Following the death of her father (Navinchandra Hirachand) in 2016, his daughter Sheila Hirachand, brought a claim under the Inheritance (Provision for Family and Dependants) Act 1975 for provision from the will, having not been reasonably provided for in his legacy as specified by the legislation. The 1975 Act gives certain categories of people; such as spouses, ex-spouses (who have not remarried), cohabitees, children, people treated as children and dependants, the ability to claim against a deceased person’s estate on the basis that the deceased did not make reasonable financial provision for them.
Sheila had been estranged from her parents and had not received financial support from them since around 2011. The judge noted that Sheila had longstanding mental health issues and had not been in employment for several years. The claim was not defended by the sole beneficiary of the estate, the deceased’s wife of many years Nalini Hirachand.
At trial, Shelia was awarded a lump sum from the estate as the trial judge was satisfied that the disposition of Navinchandra’s estate failed to make reasonable financial provision for Sheila’s maintenance.
Sheila claimed for the CFA success fee as well as provision under the estate, having entered into a CFA success fee contract when incurring legal costs. In this case, a CFA success fee of 72% was agreed by the claimant and her solicitor.
The Sentencing and Punishment of Offenders Act 2012 and 58A(6) Courts and Legal Services Act 1990 specify that a costs order may not include provision for the CFA success fee, which is not deemed recoverable debt. Recent case law concurs; the judge in Re Clarke [2019] EWHC 1193 rejected a claim for a success fee, although partial costs from a CFA were awarded as an overall award in Bullock v Denton [2020].
However, in the case of Hirachand v Hirachand it was ruled that the claimant should be awarded the value of 25% of the success fee (£16,750) on top of proportionate provision from the estate. The judge exercised discretion to award part of the CFA success fee based on the financial need of the claimant as part of the overall award of costs.
The Judge made a costs order requiring Nalini to pay Sheila’s basic costs of the claim. However, Nalini appealed the decision.

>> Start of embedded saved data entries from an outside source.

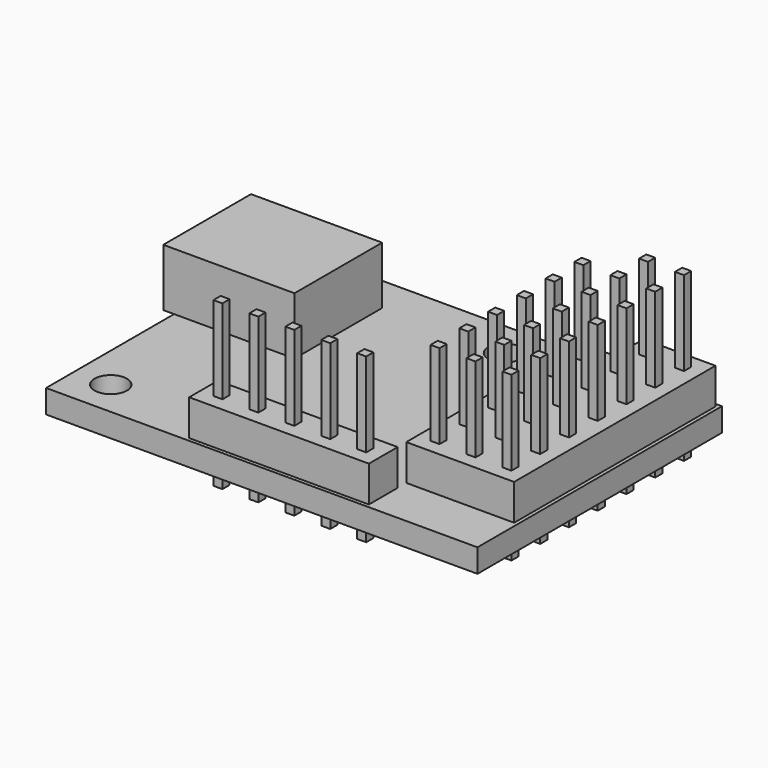
from build123d import *

# Parameters (mm, degrees)
F0_W          = 30.48
F0_H          = 21.59
F0_R          = 1.143
F1_DEPTH      = 1.651
F3_DEPTH      = 2.54
F2_W          = 12.7
F2_H          = 2.54
F4_W          = 0.635
F4_H          = 0.635
F5_DEPTH      = 5.969
F5_DEPTH_BACK = 5.588
F6_DEPTH      = 5.969
F6_DEPTH_BACK = 5.588
F7_W          = 9.271
F7_H          = 7.747
F8_DEPTH      = 4.064


with BuildPart() as f1:
    # F0 (on Top) → F1 (new body)
    with BuildSketch(Plane.XY):
        with Locations((15.24, 10.795)):
            Rectangle(F0_W, F0_H)
        with Locations((2.54, 2.54)):
            Circle(F0_R, mode=Mode.SUBTRACT)
        with Locations((17.145, 19.05)):
            Circle(F0_R, mode=Mode.SUBTRACT)
    extrude(amount=F1_DEPTH)


with BuildPart() as f3:
    # F2 (on face) → F3 (new body)
    with BuildSketch(Plane.XY.offset(1.651)):
        Polygon((30.226, 3.556), (30.226, 21.336), (25.146, 21.336), (25.146, 18.796), (22.606, 18.796), (22.606, 3.556), align=None)
    extrude(amount=F3_DEPTH)

    # F4 (on face) → F6 (join, two sides)
    with BuildSketch(Plane.XY.offset(4.191)) as f6_sk:
        with Locations((23.876, 9.906)):
            Rectangle(F4_W, F4_H)
        with Locations((28.956, 7.366)):
            Rectangle(F4_W, F4_H)
        with Locations((26.416, 14.986)):
            Rectangle(F4_W, F4_H)
        with Locations((26.416, 9.906)):
            Rectangle(F4_W, F4_H)
        with Locations((26.416, 17.526)):
            Rectangle(F4_W, F4_H)
        with Locations((26.416, 12.446)):
            Rectangle(F4_W, F4_H)
        with Locations((26.416, 4.826)):
            Rectangle(F4_W, F4_H)
        with Locations((26.416, 7.366)):
            Rectangle(F4_W, F4_H)
        with Locations((28.956, 17.526)):
            Rectangle(F4_W, F4_H)
        with Locations((23.876, 17.526)):
            Rectangle(F4_W, F4_H)
        with Locations((23.876, 7.366)):
            Rectangle(F4_W, F4_H)
        with Locations((23.876, 4.826)):
            Rectangle(F4_W, F4_H)
        with Locations((28.956, 12.446)):
            Rectangle(F4_W, F4_H)
        with Locations((23.876, 14.986)):
            Rectangle(F4_W, F4_H)
        with Locations((23.876, 12.446)):
            Rectangle(F4_W, F4_H)
        with Locations((28.956, 9.906)):
            Rectangle(F4_W, F4_H)
        with Locations((28.956, 14.986)):
            Rectangle(F4_W, F4_H)
        with Locations((28.956, 4.826)):
            Rectangle(F4_W, F4_H)
        with Locations((28.956, 20.066)):
            Rectangle(F4_W, F4_H)
        with Locations((26.416, 20.066)):
            Rectangle(F4_W, F4_H)
    extrude(amount=F6_DEPTH)
    extrude(f6_sk.sketch, amount=-F6_DEPTH_BACK)


with BuildPart() as f3b:
    # F2 (on face) → F3, piece 2 (new body)
    with BuildSketch(Plane.XY.offset(1.651)):
        with Locations((16.256, 1.524)):
            Rectangle(F2_W, F2_H)
    extrude(amount=F3_DEPTH)

    # F4 (on face) → F5 (join, two sides)
    with BuildSketch(Plane.XY.offset(4.191)) as f5_sk:
        with Locations((21.336, 1.524)):
            Rectangle(F4_W, F4_H)
        with Locations((18.796, 1.524)):
            Rectangle(F4_W, F4_H)
        with Locations((16.256, 1.524)):
            Rectangle(F4_W, F4_H)
        with Locations((13.716, 1.524)):
            Rectangle(F4_W, F4_H)
        with Locations((11.176, 1.524)):
            Rectangle(F4_W, F4_H)
    extrude(amount=F5_DEPTH)
    extrude(f5_sk.sketch, amount=-F5_DEPTH_BACK)


with BuildPart() as f8:
    # F7 (on face) → F8 (new body)
    with BuildSketch(Plane.XY.offset(1.651)):
        with Locations((3.8735, 15.1765)):
            Rectangle(F7_W, F7_H)
    extrude(amount=F8_DEPTH)


solid = Compound([f1.part, f3.part, f3b.part, f8.part])

The Court of Appeal found that the judge was right to include the CFA success fee within the evaluation of the claimant’s financial needs and deemed it a recoverable debt by the court. It was recognised that the judge’s definition of ‘financial needs’ is unqualified and can include success fees to the necessary extent that reasonable provision from the estate is made under the Inheritance (Provision for Family and Dependants) Act 1975.
The decision, in this case, may encourage more claimants to seek to fund Inheritance Act claims using CFAs on the understanding that provision for the success fee could be included in an award from the estate.
However Judicial discretion will be used to award such costs and the Court of Appeal cautioned that it is unlikely that an award will provide for any part of the success fee ‘unless the judge is satisfied that the only way in which the claimant had been able to litigate was by entering into a CFA arrangement’.
It also cannot be assumed that the whole value of the fee will be awarded; in the case of Hirachand v Hirachand, only 25% of the fee was included. The Court of Appeal clarified that CFA success fees are not recoverable under a costs order, only as part of reasonable provision after evaluation of the claimant’s financial needs.
It has been established that for non-spousal claims, provision must be no more than necessary for the maintenance of the recipient: “What is proper maintenance must in all cases depend upon all the facts and circumstances of the particular case being considered at the time.”- Re Coventry [1980] 1 Ch 461, though maintenance “must import provision to meet the everyday expenses of living”- Lord Hughes in Illot-v-The Blue Cross [2018] AC 545.